## What the exercise asks
Each line that contains the word "alike" is to be copied from the records below.

## The data
+---+

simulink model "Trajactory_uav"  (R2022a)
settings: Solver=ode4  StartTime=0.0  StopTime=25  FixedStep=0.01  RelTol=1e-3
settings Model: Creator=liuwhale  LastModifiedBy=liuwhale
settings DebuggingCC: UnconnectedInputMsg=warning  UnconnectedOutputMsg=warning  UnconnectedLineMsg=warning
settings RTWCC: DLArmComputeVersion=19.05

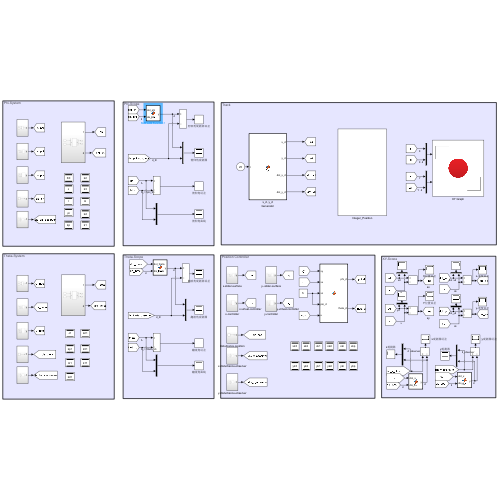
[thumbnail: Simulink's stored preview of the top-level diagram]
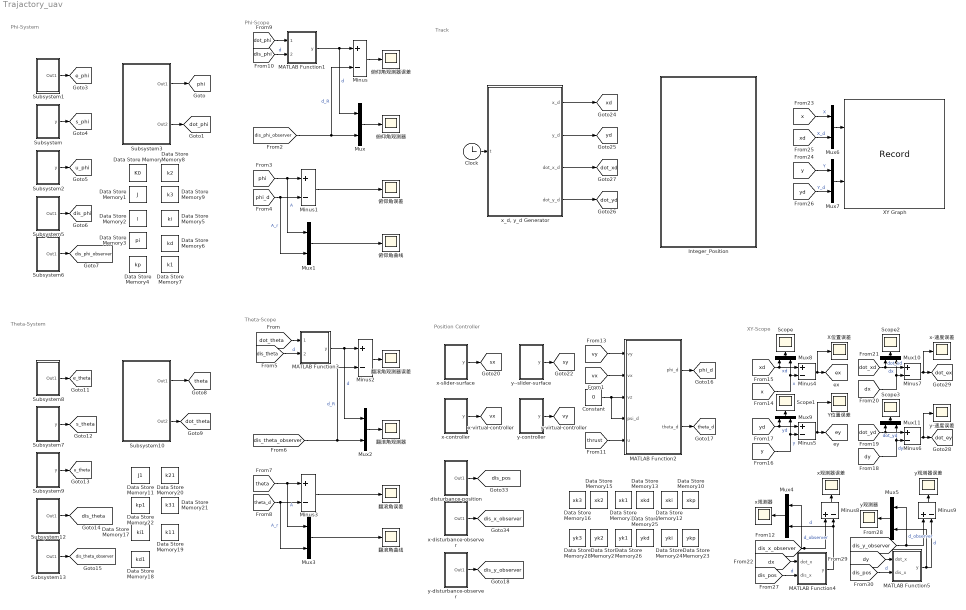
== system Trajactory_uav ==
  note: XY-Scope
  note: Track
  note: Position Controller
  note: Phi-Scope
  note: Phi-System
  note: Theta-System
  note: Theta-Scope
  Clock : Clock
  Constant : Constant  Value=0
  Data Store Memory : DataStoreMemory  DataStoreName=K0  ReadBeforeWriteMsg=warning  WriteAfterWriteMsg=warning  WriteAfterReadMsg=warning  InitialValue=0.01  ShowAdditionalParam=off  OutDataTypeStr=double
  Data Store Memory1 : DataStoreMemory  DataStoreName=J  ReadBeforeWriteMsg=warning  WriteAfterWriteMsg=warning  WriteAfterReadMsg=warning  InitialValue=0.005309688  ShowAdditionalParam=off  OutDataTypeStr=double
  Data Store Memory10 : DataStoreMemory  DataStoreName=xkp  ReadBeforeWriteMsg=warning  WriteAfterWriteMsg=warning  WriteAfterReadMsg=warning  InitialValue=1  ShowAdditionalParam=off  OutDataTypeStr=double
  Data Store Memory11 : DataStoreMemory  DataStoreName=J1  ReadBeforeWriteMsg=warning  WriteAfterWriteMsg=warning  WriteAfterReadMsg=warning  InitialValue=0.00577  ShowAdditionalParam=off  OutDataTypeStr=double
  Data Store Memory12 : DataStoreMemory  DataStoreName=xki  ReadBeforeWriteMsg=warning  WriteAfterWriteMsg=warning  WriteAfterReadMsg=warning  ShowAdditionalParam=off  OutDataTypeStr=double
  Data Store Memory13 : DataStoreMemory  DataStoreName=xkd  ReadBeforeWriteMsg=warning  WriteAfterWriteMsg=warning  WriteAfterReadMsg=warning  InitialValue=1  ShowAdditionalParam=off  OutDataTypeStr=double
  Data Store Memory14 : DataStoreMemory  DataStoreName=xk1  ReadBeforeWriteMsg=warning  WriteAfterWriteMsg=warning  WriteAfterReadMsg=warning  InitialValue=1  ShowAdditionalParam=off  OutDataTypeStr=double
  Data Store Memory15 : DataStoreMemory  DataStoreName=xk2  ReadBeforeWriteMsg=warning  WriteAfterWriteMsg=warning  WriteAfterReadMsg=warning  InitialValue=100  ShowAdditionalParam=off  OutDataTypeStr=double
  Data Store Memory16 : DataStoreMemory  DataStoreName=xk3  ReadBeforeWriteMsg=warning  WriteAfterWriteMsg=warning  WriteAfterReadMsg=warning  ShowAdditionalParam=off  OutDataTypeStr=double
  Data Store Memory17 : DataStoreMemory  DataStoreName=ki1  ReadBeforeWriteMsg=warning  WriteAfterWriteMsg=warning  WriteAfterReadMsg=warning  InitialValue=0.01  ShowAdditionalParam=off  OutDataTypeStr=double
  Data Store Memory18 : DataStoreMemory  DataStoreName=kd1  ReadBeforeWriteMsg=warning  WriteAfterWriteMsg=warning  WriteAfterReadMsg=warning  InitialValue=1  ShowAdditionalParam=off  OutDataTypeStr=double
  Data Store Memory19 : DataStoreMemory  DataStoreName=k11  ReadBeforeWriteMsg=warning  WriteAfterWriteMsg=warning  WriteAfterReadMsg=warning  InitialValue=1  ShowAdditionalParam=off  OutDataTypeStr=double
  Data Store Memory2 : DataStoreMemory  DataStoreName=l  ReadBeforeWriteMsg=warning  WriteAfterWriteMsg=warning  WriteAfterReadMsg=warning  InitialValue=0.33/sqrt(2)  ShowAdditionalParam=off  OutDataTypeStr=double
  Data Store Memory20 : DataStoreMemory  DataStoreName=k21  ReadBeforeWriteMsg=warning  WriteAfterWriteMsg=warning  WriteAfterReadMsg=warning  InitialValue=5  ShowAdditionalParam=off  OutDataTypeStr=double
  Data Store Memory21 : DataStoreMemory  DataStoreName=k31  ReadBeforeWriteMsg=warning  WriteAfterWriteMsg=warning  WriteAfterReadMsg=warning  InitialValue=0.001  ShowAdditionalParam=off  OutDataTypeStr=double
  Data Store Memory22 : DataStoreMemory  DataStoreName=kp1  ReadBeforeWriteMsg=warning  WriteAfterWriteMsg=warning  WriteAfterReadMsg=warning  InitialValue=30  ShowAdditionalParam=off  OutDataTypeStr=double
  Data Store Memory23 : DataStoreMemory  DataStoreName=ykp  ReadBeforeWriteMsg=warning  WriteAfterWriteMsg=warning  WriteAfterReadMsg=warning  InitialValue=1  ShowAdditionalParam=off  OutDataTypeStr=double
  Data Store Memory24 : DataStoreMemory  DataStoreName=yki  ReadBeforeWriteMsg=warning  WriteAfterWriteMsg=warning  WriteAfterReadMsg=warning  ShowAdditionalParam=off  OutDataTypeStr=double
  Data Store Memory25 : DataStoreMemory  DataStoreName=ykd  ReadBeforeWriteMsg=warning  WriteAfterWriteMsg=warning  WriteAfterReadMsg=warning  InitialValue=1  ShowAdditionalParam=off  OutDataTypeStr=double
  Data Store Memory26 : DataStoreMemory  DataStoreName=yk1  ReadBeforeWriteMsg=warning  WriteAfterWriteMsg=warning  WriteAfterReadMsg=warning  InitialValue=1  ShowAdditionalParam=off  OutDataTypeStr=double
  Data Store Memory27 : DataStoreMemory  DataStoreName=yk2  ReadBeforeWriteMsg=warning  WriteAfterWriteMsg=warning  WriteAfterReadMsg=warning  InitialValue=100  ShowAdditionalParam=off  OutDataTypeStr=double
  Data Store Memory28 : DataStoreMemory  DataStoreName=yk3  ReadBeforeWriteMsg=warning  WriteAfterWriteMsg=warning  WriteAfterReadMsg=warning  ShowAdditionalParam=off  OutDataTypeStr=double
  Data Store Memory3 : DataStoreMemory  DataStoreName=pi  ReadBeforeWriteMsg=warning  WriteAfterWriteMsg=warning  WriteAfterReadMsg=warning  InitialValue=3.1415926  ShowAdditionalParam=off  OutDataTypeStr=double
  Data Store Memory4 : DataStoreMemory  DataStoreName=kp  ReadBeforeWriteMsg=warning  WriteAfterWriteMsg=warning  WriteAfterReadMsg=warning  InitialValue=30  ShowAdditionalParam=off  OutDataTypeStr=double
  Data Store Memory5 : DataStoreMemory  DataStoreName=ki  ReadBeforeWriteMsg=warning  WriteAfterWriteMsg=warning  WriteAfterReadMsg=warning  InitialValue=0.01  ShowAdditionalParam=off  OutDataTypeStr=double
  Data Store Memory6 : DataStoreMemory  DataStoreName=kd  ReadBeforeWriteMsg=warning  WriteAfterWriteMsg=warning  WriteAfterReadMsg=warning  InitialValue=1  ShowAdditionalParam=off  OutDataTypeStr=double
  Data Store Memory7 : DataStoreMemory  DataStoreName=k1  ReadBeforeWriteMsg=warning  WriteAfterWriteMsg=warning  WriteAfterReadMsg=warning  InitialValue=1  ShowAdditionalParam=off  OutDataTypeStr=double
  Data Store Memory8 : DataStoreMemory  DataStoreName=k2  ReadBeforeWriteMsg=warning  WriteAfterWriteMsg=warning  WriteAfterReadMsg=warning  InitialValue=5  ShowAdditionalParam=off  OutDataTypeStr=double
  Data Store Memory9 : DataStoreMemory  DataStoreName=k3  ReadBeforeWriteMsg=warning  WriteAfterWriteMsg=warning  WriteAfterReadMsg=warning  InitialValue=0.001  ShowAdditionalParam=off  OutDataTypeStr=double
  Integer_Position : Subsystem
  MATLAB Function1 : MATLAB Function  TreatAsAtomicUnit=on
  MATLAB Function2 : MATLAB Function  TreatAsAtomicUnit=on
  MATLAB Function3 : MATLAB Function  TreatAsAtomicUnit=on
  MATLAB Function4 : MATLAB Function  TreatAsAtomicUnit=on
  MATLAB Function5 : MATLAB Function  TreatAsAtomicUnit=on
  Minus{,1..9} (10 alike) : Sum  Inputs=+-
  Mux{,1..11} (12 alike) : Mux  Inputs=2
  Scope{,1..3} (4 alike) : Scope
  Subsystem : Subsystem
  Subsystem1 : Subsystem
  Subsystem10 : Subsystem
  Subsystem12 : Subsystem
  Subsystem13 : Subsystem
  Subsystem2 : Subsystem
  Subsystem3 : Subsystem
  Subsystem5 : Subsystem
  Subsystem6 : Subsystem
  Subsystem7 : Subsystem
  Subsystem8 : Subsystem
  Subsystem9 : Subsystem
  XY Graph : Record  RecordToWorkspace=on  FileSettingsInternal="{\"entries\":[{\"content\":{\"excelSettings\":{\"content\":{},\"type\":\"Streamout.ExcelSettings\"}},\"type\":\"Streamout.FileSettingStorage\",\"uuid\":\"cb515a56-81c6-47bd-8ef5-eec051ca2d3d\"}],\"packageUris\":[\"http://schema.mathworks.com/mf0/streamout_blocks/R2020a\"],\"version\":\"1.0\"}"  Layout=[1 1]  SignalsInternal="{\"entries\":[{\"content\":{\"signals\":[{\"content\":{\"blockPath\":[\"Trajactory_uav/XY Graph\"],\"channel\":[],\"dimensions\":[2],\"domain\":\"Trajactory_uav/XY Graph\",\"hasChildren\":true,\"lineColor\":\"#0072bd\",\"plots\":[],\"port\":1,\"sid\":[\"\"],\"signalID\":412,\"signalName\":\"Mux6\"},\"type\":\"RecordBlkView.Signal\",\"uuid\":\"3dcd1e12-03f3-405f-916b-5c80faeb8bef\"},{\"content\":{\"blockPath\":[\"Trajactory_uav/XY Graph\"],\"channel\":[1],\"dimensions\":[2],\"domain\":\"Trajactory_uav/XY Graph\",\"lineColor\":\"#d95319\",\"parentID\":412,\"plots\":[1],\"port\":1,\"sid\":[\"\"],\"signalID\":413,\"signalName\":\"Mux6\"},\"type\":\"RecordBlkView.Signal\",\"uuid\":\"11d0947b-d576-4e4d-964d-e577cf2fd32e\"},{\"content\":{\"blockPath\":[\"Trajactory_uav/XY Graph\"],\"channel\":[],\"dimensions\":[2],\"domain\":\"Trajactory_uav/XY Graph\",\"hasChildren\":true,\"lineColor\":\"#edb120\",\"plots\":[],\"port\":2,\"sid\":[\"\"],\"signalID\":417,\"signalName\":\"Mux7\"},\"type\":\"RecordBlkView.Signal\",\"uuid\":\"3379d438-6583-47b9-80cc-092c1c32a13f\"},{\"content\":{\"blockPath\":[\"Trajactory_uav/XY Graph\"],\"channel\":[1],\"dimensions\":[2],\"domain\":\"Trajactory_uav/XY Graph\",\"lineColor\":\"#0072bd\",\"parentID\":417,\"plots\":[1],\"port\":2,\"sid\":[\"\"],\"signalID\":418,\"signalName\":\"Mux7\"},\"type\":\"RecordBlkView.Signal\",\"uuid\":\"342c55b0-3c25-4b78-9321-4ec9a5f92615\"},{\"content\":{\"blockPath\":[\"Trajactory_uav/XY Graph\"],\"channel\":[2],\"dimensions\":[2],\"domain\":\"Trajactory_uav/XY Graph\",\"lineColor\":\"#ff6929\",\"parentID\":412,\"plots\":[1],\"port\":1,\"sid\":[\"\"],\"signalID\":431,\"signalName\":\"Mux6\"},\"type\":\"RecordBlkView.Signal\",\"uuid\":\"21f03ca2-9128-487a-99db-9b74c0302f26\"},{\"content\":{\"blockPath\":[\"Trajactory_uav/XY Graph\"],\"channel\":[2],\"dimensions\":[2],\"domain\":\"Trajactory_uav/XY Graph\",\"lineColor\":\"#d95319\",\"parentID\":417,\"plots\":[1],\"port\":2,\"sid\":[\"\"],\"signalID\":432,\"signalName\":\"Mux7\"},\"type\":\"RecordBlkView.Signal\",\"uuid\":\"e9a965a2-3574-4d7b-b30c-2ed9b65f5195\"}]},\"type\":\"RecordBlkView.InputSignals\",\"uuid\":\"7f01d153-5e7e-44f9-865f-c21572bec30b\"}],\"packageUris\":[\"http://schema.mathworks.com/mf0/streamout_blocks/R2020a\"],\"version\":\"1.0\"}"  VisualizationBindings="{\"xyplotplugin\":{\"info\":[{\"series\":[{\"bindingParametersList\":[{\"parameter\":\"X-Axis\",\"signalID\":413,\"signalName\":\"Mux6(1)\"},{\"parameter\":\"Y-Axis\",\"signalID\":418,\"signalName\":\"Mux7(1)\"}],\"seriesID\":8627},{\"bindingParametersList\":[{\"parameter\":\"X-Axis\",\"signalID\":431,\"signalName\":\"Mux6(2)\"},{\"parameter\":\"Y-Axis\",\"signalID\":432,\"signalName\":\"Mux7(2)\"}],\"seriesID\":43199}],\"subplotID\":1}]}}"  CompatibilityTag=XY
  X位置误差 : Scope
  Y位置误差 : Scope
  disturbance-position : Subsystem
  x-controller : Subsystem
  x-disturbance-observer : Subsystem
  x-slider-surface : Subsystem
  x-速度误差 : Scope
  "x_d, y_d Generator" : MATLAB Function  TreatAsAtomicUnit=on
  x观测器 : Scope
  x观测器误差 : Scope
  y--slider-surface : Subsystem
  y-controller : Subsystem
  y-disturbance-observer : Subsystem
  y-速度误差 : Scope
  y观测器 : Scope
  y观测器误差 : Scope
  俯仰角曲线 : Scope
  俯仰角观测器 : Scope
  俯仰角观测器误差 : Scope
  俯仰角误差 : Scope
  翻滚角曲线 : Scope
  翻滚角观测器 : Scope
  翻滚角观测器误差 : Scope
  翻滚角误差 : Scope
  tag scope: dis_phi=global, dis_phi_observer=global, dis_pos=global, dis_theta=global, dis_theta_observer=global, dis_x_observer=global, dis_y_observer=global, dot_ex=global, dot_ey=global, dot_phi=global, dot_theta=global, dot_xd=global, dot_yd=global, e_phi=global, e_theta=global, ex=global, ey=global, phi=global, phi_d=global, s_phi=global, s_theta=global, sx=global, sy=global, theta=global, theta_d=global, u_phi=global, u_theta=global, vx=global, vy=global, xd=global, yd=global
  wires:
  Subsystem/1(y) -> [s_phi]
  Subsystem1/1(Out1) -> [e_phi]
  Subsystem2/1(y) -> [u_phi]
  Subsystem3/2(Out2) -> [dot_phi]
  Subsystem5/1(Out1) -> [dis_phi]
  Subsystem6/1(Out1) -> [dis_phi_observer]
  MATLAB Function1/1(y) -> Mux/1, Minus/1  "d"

+---+

## Expected output
  Minus{,1..9} (10 alike) : Sum  Inputs=+-
  Mux{,1..11} (12 alike) : Mux  Inputs=2
  Scope{,1..3} (4 alike) : Scope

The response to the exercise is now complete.